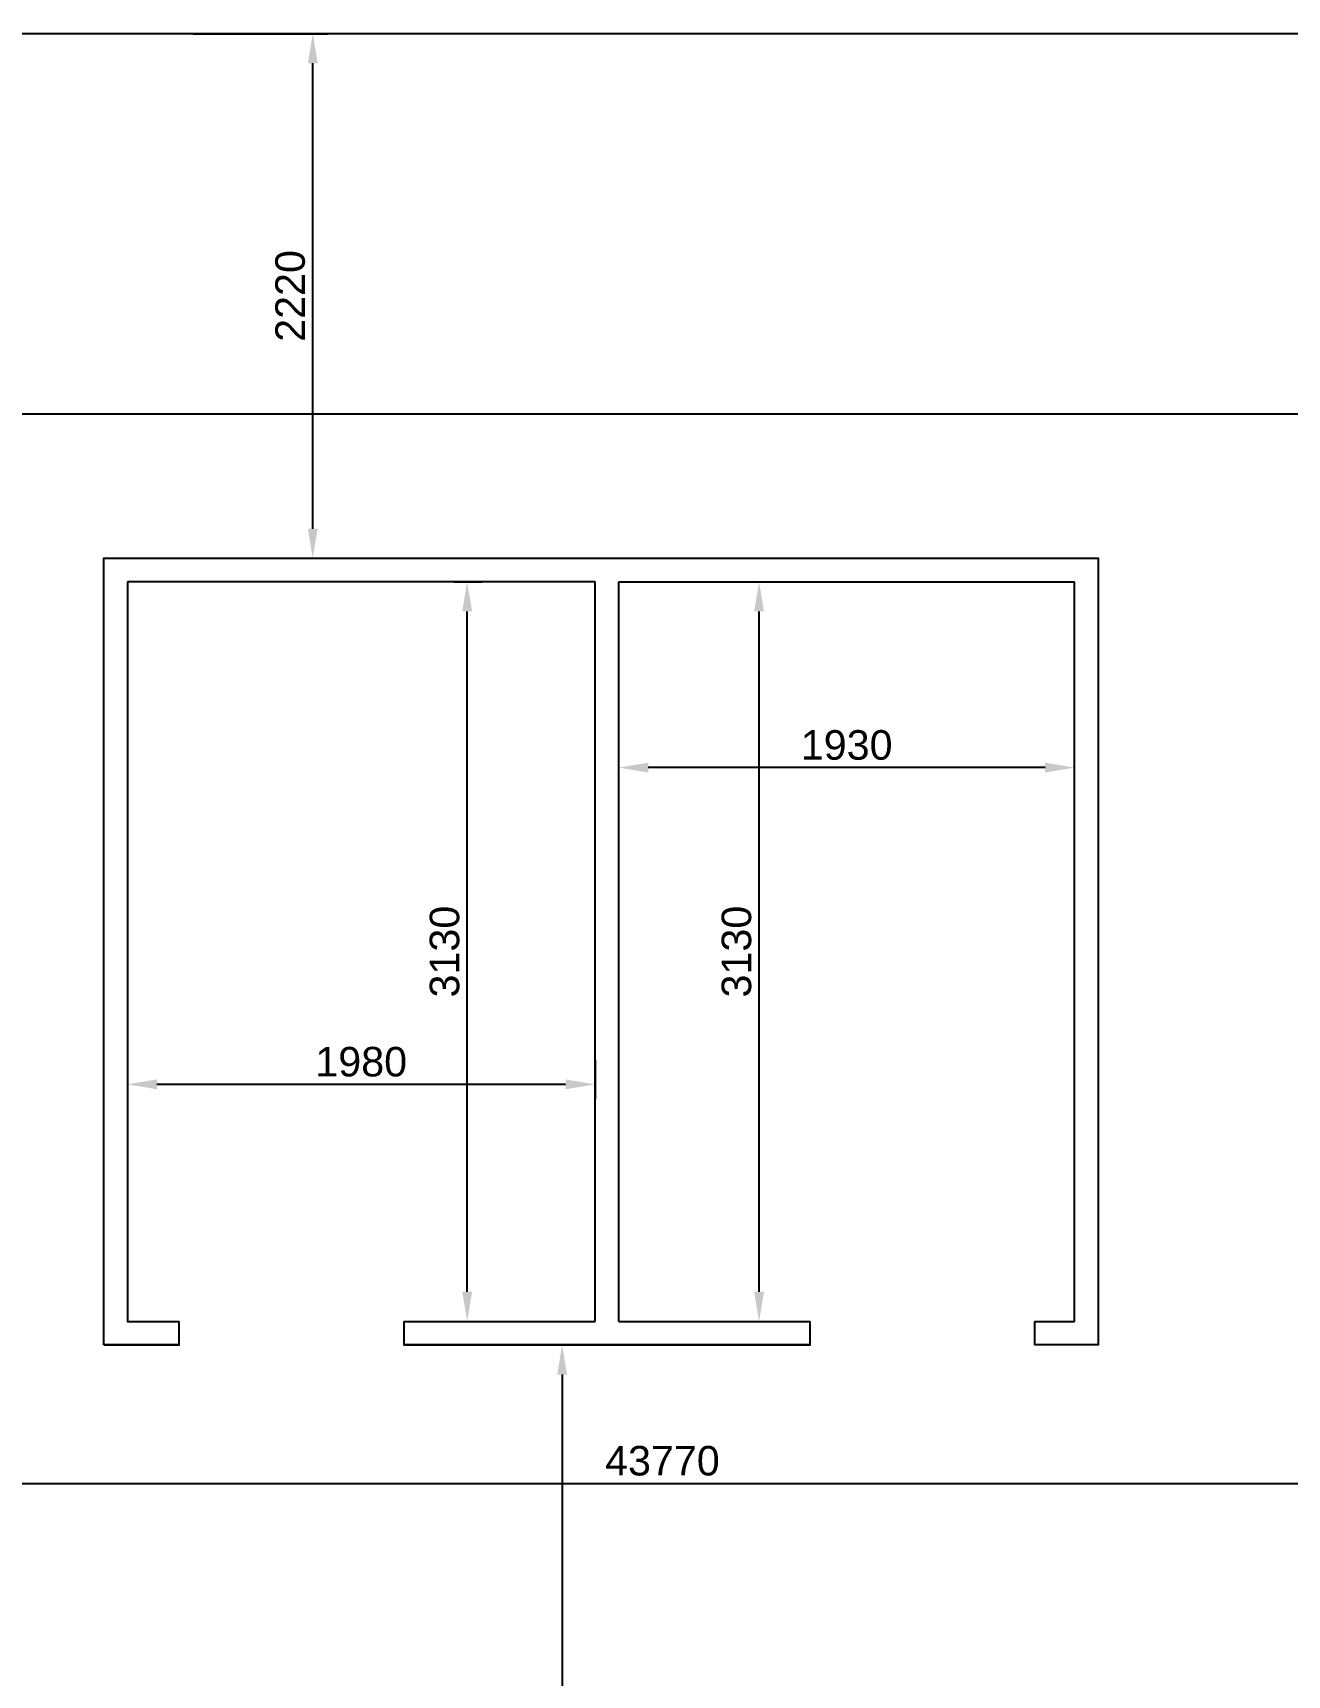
# Model space of a CAD drawing. Header units: millimetres. Extents: x 1179129 to 1254729, y -52846 to 614.
# Drawn here: x 1205287 to 1210597, y -29305 to -22354 of the extents above; entities that cross this region are included whole.
import ezdxf

# ---------------------------------------------------------------- set-up
doc = ezdxf.new("R2010")
doc.units = ezdxf.units.MM
doc.styles.get("Standard").update_dxf_attribs({"font": 'arial.ttf'})
doc.dimstyles.new('ISO-25', dxfattribs={"dimscale": 50, "dimtxt": 2.5, "dimasz": 2.5, "dimexe": 1.25, "dimexo": 0.625, "dimtad": 1, "dimdec": 0, "dimtxsty": 'Standard', "dimcen": 2.5, "dimazin": 3, "dimtfac": 1, "dimtdec": 0, "dimtmove": 0, "dimatfit": 3})

# ---------------------------------------------------------------- blocks, each defined once
blk = doc.blocks.new('*D555')
at = {"color": 0, "lineweight": -2, "transparency": 16777216}
for p, q in [((1207293.3, -27907.6), (1207590.1, -27907.6)), ((1207527.6, -28032.6), (1207527.6, -31612.6)), ((1207263.3, -31737.6), (1207590.1, -31737.6))]:
    blk.add_line(p, q, dxfattribs=at)
at = {"color": 0, "transparency": 16777216}
for points in [[(1207506.8, -28032.6), (1207548.4, -28032.6), (1207527.6, -27907.6)], [(1207506.8, -31612.6), (1207548.4, -31612.6), (1207527.6, -31737.6)]]:
    blk.add_solid(points, dxfattribs=at)
at = {"layer": 'Defpoints', "color": 0, "transparency": 16777216}
for p in [(1207262.1, -27907.6), (1207232.1, -31737.6), (1207527.6, -31737.6)]:
    blk.add_point(p, dxfattribs=at)
at = {"color": 0, "transparency": 16777216, "insert": (1207432.5, -29822.6), "char_height": 125, "attachment_point": 5, "rotation": 90}
blk.add_mtext('3830', dxfattribs=at)
blk = doc.blocks.new('*D557')
at = {"color": 0, "lineweight": -2, "transparency": 16777216}
for p, q in [((1208203.3, -24677.6), (1208423.8, -24677.6)), ((1208361.3, -27682.6), (1208361.3, -24802.6)), ((1208203.3, -27807.6), (1208423.8, -27807.6))]:
    blk.add_line(p, q, dxfattribs=at)
at = {"color": 0, "transparency": 16777216}
for points in [[(1208340.5, -24802.6), (1208382.1, -24802.6), (1208361.3, -24677.6)], [(1208340.5, -27682.6), (1208382.1, -27682.6), (1208361.3, -27807.6)]]:
    blk.add_solid(points, dxfattribs=at)
at = {"layer": 'Defpoints', "color": 0, "transparency": 16777216}
for p in [(1208172.1, -24677.6), (1208361.3, -24677.6), (1208172.1, -27807.6)]:
    blk.add_point(p, dxfattribs=at)
at = {"color": 0, "transparency": 16777216, "insert": (1208266.2, -26242.6), "char_height": 125, "attachment_point": 5, "rotation": 90}
blk.add_mtext('3130', dxfattribs=at)
blk = doc.blocks.new('*D558')
at = {"color": 0, "lineweight": -2, "transparency": 16777216}
for p, q in [((1207767.1, -25442.2), (1207767.1, -25401.4)), ((1209697.1, -25442.2), (1209697.1, -25401.4)), ((1209572.1, -25463.9), (1207892.1, -25463.9))]:
    blk.add_line(p, q, dxfattribs=at)
at = {"color": 0, "transparency": 16777216}
for points in [[(1207892.1, -25443.1), (1207892.1, -25484.7), (1207767.1, -25463.9)], [(1209572.1, -25443.1), (1209572.1, -25484.7), (1209697.1, -25463.9)]]:
    blk.add_solid(points, dxfattribs=at)
at = {"layer": 'Defpoints', "color": 0, "transparency": 16777216}
for p in [(1207767.1, -25463.9), (1207767.1, -25473.5), (1209697.1, -25473.5)]:
    blk.add_point(p, dxfattribs=at)
at = {"color": 0, "transparency": 16777216, "insert": (1208732.1, -25368.8), "char_height": 125, "attachment_point": 5}
blk.add_mtext('1930', dxfattribs=at)
blk = doc.blocks.new('*D559')
at = {"color": 0, "lineweight": -2, "transparency": 16777216}
for p, q in [((1207070.5, -24677.6), (1207188, -24677.6)), ((1207125.5, -27682.6), (1207125.5, -24802.6)), ((1207070.5, -27807.6), (1207188, -27807.6))]:
    blk.add_line(p, q, dxfattribs=at)
at = {"color": 0, "transparency": 16777216}
for points in [[(1207104.7, -24802.6), (1207146.3, -24802.6), (1207125.5, -24677.6)], [(1207104.7, -27682.6), (1207146.3, -27682.6), (1207125.5, -27807.6)]]:
    blk.add_solid(points, dxfattribs=at)
at = {"layer": 'Defpoints', "color": 0, "transparency": 16777216}
for p in [(1207039.3, -24677.6), (1207125.5, -24677.6), (1207039.3, -27807.6)]:
    blk.add_point(p, dxfattribs=at)
at = {"color": 0, "transparency": 16777216, "insert": (1207030.4, -26242.6), "char_height": 125, "attachment_point": 5, "rotation": 90}
blk.add_mtext('3130', dxfattribs=at)
blk = doc.blocks.new('*D560')
at = {"color": 0, "lineweight": -2, "transparency": 16777216}
for p, q in [((1205687.1, -26701.7), (1205687.1, -26867)), ((1207667.1, -26701.7), (1207667.1, -26867)), ((1207542.1, -26804.5), (1205812.1, -26804.5))]:
    blk.add_line(p, q, dxfattribs=at)
at = {"color": 0, "transparency": 16777216}
for points in [[(1205812.1, -26783.7), (1205812.1, -26825.3), (1205687.1, -26804.5)], [(1207542.1, -26783.7), (1207542.1, -26825.3), (1207667.1, -26804.5)]]:
    blk.add_solid(points, dxfattribs=at)
at = {"layer": 'Defpoints', "color": 0, "transparency": 16777216}
for p in [(1205687.1, -26670.4), (1207667.1, -26670.4), (1205687.1, -26804.5)]:
    blk.add_point(p, dxfattribs=at)
at = {"color": 0, "transparency": 16777216, "insert": (1206677.1, -26709.4), "char_height": 125, "attachment_point": 5}
blk.add_mtext('1980', dxfattribs=at)
blk = doc.blocks.new('*D562')
at = {"color": 0, "lineweight": -2, "transparency": 16777216}
for p, q in [((1186067.1, -29111.3), (1186067.1, -28430.9)), ((1186192.1, -28493.4), (1229712.1, -28493.4)), ((1229837.1, -28876.2), (1229837.1, -28430.9))]:
    blk.add_line(p, q, dxfattribs=at)
at = {"color": 0, "transparency": 16777216}
for points in [[(1186192.1, -28472.6), (1186192.1, -28514.2), (1186067.1, -28493.4)], [(1229712.1, -28472.6), (1229712.1, -28514.2), (1229837.1, -28493.4)]]:
    blk.add_solid(points, dxfattribs=at)
at = {"layer": 'Defpoints', "color": 0, "transparency": 16777216}
for p in [(1229837.1, -28493.4), (1229837.1, -28907.5), (1186067.1, -29142.6)]:
    blk.add_point(p, dxfattribs=at)
at = {"color": 0, "transparency": 16777216, "insert": (1207952.1, -28398.3), "char_height": 125, "attachment_point": 5}
blk.add_mtext('43770', dxfattribs=at)
blk = doc.blocks.new('*D567')
at = {"color": 0, "lineweight": -2, "transparency": 16777216}
for p, q in [((1205966.2, -22357.6), (1206534.5, -22357.6)), ((1206472, -24452.6), (1206472, -22482.6)), ((1205966.2, -24577.6), (1206534.5, -24577.6))]:
    blk.add_line(p, q, dxfattribs=at)
at = {"color": 0, "transparency": 16777216}
for points in [[(1206451.1, -22482.6), (1206492.8, -22482.6), (1206472, -22357.6)], [(1206451.1, -24452.6), (1206492.8, -24452.6), (1206472, -24577.6)]]:
    blk.add_solid(points, dxfattribs=at)
at = {"layer": 'Defpoints', "color": 0, "transparency": 16777216}
for p in [(1205935, -22357.6), (1206472, -22357.6), (1205935, -24577.6)]:
    blk.add_point(p, dxfattribs=at)
at = {"color": 0, "transparency": 16777216, "insert": (1206376.9, -23467.6), "char_height": 125, "attachment_point": 5, "rotation": 90}
blk.add_mtext('2220', dxfattribs=at)
blk = doc.blocks.new('*D575')
at = {"color": 0, "lineweight": -2, "transparency": 16777216}
for p, q in [((1197687.1, -24246.3), (1197687.1, -23904.6)), ((1229837.1, -24246.3), (1229837.1, -23904.6)), ((1197812.1, -23967.1), (1229712.1, -23967.1))]:
    blk.add_line(p, q, dxfattribs=at)
at = {"color": 0, "transparency": 16777216}
for points in [[(1197812.1, -23946.3), (1197812.1, -23987.9), (1197687.1, -23967.1)], [(1229712.1, -23946.3), (1229712.1, -23987.9), (1229837.1, -23967.1)]]:
    blk.add_solid(points, dxfattribs=at)
at = {"layer": 'Defpoints', "color": 0, "transparency": 16777216}
for p in [(1229837.1, -23967.1), (1197687.1, -24277.6), (1229837.1, -24277.6)]:
    blk.add_point(p, dxfattribs=at)
at = {"color": 0, "transparency": 16777216, "insert": (1213762.1, -23872), "char_height": 125, "attachment_point": 5}
blk.add_mtext('32150', dxfattribs=at)

msp = doc.modelspace()

# ---------------------------------------------------------------- linework, layer by layer
for points in [[(1211107.1, -22257.6), (1211107.1, -22357.6), (1205237.1, -22357.6)], [(1205587.1, -27907.6), (1205587.1, -24577.6), (1209797.1, -24577.6), (1209797.1, -27907.6), (1209527.1, -27907.6)], [(1207667.1, -24677.6), (1205687.1, -24677.6)], [(1205687.1, -24677.6), (1205687.1, -27807.6), (1205907.1, -27807.6)], [(1207667.1, -27807.6), (1207667.1, -24677.6)], [(1207767.1, -27807.6), (1207767.1, -24677.6)], [(1207767.1, -24677.6), (1209697.1, -24677.6)], [(1209697.1, -27807.6), (1209697.1, -24677.6)], [(1205587.1, -27907.6), (1205907.1, -27907.6), (1205907.1, -27807.6)], [(1206857.1, -27807.6), (1206857.1, -27907.6), (1208577.1, -27907.6), (1208577.1, -27807.6)], [(1206857.1, -27807.6), (1207667.1, -27807.6)], [(1207767.1, -27807.6), (1208577.1, -27807.6)], [(1209527.1, -27807.6), (1209527.1, -27907.6)], [(1209527.1, -27807.6), (1209697.1, -27807.6)], [(1205907.1, -27907.6), (1205587.1, -27907.6)], [(1208577.1, -27907.6), (1206857.1, -27907.6)]]:
    msp.add_lwpolyline(points)

# ---------------------------------------------------------------- dimensions: what is measured, and where the dimension line sits
at = {"color": 1}
for base, p1, p2, picture, middle in [((1206472, -22357.6), (1205935, -24577.6), (1205935, -22357.6), '*D567', (1206376.9, -23467.6)), ((1207125.5, -24677.6), (1207039.3, -27807.6), (1207039.3, -24677.6), '*D559', (1207030.4, -26242.6)), ((1208361.3, -24677.6), (1208172.1, -27807.6), (1208172.1, -24677.6), '*D557', (1208266.2, -26242.6)), ((1207527.6, -31737.6), (1207262.1, -27907.6), (1207232.1, -31737.6), '*D555', (1207432.5, -29822.6))]:
    dim = msp.add_linear_dim(base=base, p1=p1, p2=p2, angle=90, dimstyle='ISO-25', dxfattribs=at)
    dim.commit()
    dim.dimension.update_dxf_attribs({"geometry": picture, "text_midpoint": middle})
for base, p1, p2, picture, middle in [((1229837.1, -23967.1), (1197687.1, -24277.6), (1229837.1, -24277.6), '*D575', (1213762.1, -23872)), ((1207767.1, -25463.9), (1209697.1, -25473.5), (1207767.1, -25473.5), '*D558', (1208732.1, -25368.8)), ((1205687.1, -26804.5), (1207667.1, -26670.4), (1205687.1, -26670.4), '*D560', (1206677.1, -26709.4)), ((1229837.1, -28493.4), (1186067.1, -29142.6), (1229837.1, -28907.5), '*D562', (1207952.1, -28398.3))]:
    dim = msp.add_linear_dim(base=base, p1=p1, p2=p2, dimstyle='ISO-25', dxfattribs=at)
    dim.commit()
    dim.dimension.update_dxf_attribs({"geometry": picture, "text_midpoint": middle})

doc.saveas('drawing.dxf')

» Work required
Repeat only the lines between the start of the data and the line with "doc.units = ezdxf.units.MM", including those two lines, and skip the pictures.

» Output of the exercise
# Model space of a CAD drawing. Header units: millimetres. Extents: x 1179129 to 1254729, y -52846 to 614.
# Drawn here: x 1205287 to 1210597, y -29305 to -22354 of the extents above; entities that cross this region are included whole.
import ezdxf

# ---------------------------------------------------------------- set-up
doc = ezdxf.new("R2010")
doc.units = ezdxf.units.MM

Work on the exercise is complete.